New York City

Hunts Point Hauls In $15 Million To Ditch Fume-Spewing Truck Fridges

AI Assisted Icon
Published on April 02, 2026
Hunts Point Hauls In $15 Million To Ditch Fume-Spewing Truck FridgesSource: Wikipedia/JardonB, CC BY-SA 4.0, via Wikimedia Commons

City officials fanned out across the Hunts Point Produce Market on Wednesday with a rare bit of good news for the South Bronx: $15 million in congestion-pricing revenue is headed to the market to swap out dirty diesel transport refrigeration units for cleaner hybrid models. The money is billed as a quick public-health win that aims to cut diesel pollution and asthma triggers in one of the city's hardest-hit neighborhoods.

Officials said the $15 million will pay to replace stationary refrigerated generators, known as TRUs, that line the market's loading docks, as reported by News 12 New York. The allocation is one of the place-based mitigation measures laid out in the congestion-pricing Final Environmental Assessment and described by the governor's office, drawing on toll revenues that were set aside to offset disproportionate environmental burdens.
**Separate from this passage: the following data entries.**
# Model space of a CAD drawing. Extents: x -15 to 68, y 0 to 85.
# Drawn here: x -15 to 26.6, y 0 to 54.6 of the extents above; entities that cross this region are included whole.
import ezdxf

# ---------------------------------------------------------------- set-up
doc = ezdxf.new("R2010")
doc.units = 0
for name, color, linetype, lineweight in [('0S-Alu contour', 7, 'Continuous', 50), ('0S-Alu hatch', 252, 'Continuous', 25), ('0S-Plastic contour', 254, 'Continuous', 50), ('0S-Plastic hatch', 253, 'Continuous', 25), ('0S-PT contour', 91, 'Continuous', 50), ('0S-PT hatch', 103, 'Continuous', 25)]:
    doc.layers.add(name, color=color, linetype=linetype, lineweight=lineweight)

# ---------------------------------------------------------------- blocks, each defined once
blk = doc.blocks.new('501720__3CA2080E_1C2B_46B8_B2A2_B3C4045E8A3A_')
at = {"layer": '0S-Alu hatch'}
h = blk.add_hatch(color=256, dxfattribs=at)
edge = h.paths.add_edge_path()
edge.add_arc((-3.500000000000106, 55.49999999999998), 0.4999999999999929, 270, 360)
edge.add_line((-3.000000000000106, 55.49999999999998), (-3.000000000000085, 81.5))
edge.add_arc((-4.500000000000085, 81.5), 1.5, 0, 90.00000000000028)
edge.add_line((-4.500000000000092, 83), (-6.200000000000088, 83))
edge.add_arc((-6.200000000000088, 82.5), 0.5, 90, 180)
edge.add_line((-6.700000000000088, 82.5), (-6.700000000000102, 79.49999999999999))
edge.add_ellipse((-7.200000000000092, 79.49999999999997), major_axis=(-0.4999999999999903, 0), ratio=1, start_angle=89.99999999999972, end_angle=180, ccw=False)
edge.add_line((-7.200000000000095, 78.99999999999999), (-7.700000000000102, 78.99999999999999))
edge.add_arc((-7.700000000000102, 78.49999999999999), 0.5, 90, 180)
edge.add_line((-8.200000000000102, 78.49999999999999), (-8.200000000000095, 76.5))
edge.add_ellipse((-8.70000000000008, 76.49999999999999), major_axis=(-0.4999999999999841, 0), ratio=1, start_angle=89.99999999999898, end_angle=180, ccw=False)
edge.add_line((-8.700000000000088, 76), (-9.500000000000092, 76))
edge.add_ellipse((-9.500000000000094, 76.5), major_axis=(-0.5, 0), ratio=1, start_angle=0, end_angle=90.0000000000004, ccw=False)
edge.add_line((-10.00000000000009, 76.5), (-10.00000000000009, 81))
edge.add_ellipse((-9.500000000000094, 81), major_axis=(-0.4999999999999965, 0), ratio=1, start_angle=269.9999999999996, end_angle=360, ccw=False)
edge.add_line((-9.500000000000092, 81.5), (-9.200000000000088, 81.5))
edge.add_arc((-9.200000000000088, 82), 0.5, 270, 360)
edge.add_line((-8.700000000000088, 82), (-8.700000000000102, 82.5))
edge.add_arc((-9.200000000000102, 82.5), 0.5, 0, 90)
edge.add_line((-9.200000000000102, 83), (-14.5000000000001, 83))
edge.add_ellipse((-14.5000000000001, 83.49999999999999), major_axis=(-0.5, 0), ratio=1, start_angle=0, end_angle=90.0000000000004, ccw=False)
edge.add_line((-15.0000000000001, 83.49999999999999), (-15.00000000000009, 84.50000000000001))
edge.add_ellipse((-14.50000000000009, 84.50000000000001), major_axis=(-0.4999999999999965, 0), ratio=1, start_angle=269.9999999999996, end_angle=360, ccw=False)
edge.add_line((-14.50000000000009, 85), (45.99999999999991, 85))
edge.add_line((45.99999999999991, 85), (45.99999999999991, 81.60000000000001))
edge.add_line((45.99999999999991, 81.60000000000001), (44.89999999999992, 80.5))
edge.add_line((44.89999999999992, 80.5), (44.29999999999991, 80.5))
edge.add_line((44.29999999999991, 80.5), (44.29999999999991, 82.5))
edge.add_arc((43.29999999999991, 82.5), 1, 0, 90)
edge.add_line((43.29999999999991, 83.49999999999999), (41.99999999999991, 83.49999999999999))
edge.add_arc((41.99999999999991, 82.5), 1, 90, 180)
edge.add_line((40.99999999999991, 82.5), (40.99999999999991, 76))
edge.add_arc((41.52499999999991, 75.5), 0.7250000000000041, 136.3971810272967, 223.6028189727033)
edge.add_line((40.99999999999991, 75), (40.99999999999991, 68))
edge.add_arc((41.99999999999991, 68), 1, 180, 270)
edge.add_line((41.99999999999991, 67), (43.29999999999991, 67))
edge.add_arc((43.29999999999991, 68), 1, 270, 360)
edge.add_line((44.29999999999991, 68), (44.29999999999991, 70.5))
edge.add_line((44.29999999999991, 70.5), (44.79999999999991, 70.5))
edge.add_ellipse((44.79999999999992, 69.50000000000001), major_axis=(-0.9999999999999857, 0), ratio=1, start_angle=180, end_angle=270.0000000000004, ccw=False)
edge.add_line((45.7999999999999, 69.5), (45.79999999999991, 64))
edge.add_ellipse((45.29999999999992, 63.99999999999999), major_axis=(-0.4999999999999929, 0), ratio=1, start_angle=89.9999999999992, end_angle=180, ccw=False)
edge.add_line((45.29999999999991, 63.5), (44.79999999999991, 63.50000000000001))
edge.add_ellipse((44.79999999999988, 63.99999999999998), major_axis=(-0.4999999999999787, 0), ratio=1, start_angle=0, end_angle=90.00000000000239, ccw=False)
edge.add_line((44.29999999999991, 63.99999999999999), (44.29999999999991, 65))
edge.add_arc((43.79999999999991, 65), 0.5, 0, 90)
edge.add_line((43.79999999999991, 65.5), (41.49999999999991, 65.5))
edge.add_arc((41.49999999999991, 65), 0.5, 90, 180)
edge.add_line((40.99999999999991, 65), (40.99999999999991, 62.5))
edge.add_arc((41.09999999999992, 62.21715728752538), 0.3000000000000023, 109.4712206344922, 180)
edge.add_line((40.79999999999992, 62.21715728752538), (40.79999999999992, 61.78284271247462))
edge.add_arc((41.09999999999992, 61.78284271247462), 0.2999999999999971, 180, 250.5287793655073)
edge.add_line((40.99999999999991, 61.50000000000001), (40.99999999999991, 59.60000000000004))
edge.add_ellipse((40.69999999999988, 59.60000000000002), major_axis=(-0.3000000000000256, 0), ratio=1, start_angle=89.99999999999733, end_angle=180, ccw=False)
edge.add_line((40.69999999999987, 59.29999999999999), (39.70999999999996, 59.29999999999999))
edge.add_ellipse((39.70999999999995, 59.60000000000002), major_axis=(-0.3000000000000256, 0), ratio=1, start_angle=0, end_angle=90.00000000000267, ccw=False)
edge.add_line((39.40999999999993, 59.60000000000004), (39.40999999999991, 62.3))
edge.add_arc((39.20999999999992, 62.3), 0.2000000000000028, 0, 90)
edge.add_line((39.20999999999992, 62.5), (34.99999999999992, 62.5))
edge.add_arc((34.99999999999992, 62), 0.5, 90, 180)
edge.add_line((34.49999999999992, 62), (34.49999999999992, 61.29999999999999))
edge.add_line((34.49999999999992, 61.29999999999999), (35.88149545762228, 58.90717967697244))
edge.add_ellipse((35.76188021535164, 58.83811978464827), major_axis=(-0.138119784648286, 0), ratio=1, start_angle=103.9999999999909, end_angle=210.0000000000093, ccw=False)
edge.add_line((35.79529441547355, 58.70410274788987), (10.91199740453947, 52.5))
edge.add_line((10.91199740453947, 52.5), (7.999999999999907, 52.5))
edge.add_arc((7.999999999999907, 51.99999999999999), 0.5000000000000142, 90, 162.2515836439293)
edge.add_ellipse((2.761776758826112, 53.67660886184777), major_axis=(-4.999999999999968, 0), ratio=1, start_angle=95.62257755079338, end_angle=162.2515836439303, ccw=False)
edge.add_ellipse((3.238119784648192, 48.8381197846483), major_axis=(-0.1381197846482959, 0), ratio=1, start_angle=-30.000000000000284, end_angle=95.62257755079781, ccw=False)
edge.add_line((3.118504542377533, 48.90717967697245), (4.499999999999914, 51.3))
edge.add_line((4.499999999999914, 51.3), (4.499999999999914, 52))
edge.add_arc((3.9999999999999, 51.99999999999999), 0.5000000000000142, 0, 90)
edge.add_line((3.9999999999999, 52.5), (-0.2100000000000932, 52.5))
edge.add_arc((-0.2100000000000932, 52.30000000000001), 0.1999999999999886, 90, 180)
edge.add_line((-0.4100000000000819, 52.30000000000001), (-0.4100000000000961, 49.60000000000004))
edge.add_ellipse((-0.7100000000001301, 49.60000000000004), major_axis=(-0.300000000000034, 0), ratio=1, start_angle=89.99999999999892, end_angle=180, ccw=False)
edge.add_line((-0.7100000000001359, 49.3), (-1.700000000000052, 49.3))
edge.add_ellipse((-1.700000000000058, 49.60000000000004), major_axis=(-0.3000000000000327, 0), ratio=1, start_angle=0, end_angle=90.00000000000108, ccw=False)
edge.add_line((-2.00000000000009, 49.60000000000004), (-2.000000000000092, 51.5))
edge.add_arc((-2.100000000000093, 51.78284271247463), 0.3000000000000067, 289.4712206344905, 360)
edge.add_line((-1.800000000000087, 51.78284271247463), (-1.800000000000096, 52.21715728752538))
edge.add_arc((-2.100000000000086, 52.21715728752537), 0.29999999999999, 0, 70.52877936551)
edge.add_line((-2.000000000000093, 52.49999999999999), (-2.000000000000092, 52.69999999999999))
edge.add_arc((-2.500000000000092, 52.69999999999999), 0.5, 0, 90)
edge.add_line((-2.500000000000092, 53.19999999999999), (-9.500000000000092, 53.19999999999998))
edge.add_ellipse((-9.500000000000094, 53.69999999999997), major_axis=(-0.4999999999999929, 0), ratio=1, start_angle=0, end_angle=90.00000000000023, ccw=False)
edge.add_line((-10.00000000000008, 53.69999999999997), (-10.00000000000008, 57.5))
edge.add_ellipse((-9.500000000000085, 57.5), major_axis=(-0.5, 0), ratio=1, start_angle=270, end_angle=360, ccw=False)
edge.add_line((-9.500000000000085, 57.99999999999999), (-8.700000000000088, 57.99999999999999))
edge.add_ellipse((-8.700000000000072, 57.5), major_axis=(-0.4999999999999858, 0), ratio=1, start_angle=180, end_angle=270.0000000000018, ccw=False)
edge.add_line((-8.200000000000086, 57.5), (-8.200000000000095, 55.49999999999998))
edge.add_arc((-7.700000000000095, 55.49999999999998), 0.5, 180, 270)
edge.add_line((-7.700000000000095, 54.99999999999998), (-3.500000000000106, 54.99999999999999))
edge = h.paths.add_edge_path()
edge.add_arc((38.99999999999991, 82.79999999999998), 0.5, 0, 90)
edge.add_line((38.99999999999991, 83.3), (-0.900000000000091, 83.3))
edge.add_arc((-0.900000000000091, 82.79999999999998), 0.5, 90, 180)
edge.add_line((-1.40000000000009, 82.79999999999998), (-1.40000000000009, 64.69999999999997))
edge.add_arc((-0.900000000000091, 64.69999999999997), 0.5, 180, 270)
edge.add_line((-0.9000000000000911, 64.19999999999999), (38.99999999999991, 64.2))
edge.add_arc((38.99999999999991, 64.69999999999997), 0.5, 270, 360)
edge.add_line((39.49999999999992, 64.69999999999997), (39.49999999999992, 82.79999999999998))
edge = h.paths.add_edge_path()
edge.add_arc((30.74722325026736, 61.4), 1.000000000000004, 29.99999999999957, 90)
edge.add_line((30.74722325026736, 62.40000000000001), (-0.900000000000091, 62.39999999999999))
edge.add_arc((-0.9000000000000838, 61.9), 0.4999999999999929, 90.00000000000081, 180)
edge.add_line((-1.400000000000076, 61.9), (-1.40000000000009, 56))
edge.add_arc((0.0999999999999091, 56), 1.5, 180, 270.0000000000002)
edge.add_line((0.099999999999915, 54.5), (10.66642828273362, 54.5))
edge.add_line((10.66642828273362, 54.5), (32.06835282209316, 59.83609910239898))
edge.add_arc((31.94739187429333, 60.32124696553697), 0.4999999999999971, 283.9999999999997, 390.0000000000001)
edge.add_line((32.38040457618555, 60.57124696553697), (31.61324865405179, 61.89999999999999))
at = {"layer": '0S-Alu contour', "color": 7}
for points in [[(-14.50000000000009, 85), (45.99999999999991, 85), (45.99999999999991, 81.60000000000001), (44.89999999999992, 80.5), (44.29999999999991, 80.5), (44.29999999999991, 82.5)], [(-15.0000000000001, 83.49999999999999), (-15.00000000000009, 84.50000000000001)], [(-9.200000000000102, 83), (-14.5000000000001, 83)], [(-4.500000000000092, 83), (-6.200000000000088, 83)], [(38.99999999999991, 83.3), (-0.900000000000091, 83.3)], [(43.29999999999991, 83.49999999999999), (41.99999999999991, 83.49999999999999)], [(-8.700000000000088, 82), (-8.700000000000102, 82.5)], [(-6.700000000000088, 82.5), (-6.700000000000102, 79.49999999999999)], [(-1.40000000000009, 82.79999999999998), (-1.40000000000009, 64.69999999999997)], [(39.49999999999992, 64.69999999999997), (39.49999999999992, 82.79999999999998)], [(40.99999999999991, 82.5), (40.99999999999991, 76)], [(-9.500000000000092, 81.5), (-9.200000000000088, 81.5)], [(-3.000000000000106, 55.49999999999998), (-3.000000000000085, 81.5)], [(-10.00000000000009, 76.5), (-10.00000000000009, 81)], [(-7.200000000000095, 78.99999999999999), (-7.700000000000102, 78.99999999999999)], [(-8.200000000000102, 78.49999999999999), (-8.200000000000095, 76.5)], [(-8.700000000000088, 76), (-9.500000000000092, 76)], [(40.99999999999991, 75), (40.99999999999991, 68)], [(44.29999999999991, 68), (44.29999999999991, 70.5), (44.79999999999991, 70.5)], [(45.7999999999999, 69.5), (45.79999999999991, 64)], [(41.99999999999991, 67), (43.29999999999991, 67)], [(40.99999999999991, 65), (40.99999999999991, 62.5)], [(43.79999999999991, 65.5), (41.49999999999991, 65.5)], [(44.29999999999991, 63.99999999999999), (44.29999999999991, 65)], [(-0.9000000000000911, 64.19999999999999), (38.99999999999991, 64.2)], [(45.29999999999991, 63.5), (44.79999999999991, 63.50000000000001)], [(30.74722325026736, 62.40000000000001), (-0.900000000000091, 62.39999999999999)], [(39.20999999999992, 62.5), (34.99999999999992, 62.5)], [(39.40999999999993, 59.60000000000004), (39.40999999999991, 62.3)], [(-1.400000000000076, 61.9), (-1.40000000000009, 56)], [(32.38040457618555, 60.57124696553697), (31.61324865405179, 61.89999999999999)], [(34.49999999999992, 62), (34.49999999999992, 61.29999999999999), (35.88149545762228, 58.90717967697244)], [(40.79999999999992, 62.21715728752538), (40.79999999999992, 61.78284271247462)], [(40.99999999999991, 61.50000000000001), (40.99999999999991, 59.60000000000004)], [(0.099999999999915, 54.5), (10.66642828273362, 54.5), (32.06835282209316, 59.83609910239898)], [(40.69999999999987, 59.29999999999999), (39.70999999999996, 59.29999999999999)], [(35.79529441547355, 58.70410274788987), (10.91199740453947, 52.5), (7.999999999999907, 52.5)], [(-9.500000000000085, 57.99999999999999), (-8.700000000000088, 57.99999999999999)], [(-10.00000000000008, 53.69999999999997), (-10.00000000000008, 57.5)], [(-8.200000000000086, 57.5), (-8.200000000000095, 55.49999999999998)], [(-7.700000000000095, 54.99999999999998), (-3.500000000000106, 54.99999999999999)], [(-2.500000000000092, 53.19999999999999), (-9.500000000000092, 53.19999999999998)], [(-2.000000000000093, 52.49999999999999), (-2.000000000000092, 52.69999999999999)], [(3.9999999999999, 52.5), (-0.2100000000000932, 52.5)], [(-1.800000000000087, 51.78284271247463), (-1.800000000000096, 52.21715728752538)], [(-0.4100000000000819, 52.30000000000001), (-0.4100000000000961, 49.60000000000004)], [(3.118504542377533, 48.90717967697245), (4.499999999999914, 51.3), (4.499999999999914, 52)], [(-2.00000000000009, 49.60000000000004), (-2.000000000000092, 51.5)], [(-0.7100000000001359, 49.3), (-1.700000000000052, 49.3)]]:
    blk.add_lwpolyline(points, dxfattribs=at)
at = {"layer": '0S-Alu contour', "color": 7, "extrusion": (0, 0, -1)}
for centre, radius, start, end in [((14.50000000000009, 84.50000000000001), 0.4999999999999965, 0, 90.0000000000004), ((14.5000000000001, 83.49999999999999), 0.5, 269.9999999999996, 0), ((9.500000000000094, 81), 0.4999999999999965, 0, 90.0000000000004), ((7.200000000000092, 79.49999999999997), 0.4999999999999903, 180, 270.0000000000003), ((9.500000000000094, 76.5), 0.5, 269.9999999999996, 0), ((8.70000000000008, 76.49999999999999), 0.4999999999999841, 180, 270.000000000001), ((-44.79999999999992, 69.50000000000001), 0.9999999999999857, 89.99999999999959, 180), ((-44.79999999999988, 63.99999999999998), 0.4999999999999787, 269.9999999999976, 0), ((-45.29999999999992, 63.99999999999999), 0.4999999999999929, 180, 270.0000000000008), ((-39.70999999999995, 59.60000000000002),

According to a New York City DOT TRU-program brochure, the Hunts Point market leans on nearly 1,000 stationary refrigerated trailers that run day and night, turning them into a tightly packed source of fine-particulate and NOx pollution for surrounding blocks. DOT materials note that earlier incentive rounds already swapped out dozens of the oldest engines and that moving to hybrid or electric technologies delivers measurable local emissions cuts.

"Replacing just one of these units avoids the particulate matter, the emissions of 330 truck trips per day on the Cross Bronx Expressway," MTA Chair and CEO Janno Lieber said at the event. Officials told reporters the city has already replaced 20 units and plans to swap more than 70 additional TRUs this year, according to News 12 New York. Lieber and other supporters pitched the upgrades as a fast, high-leverage way to trim concentrated pollution while slower, big-ticket infrastructure changes grind forward. Market operators and health advocates have pushed for exactly this kind of targeted spending for years, pointing to the neighborhood's stubbornly high asthma rates.

What the mitigation package includes

The mitigation package tied to congestion pricing does not stop at TRUs. It also reserves money for asthma case management and a Bronx asthma center, more electric-truck charging infrastructure, and new greenspace and roadside vegetation meant to soften the impact of nearby highways, as outlined by the governor's office. The Final EA and related MTA tables list the TRU line item alongside roughly $125 million in regional and place-based measures that aim to cut truck emissions in communities that bear the brunt of traffic. Officials say the mix is designed to pair immediate pollution reductions with longer-term investments in cleaner freight and safer, healthier streets.

Legal and oversight context

The mitigation promises, including the $15 million set aside for TRUs, are baked into the congestion-pricing Final Environmental Assessment and cited in court filings, which makes them part of the formal mitigation record, according to court documents. Those filings show the program's sponsors agreed to place-based measures at Hunts Point specifically to address disproportionate health impacts in environmental-justice census tracts. Because the commitments live in the EA and related court materials, implementation and monitoring will be tracked through the program's compliance process.

For nearby residents, the most tangible shift will be cleaner air on the blocks around the market. For the market itself, the TRU replacements are one more step in a years-long modernization effort that city agencies and redevelopment partners have been pressing. Officials said the new units will be prioritized where they cut exposure the fastest and that follow-up monitoring will guide what comes next. Community groups, well accustomed to waiting on promised fixes, say they will keep a close eye on how the first wave of work unfolds this year.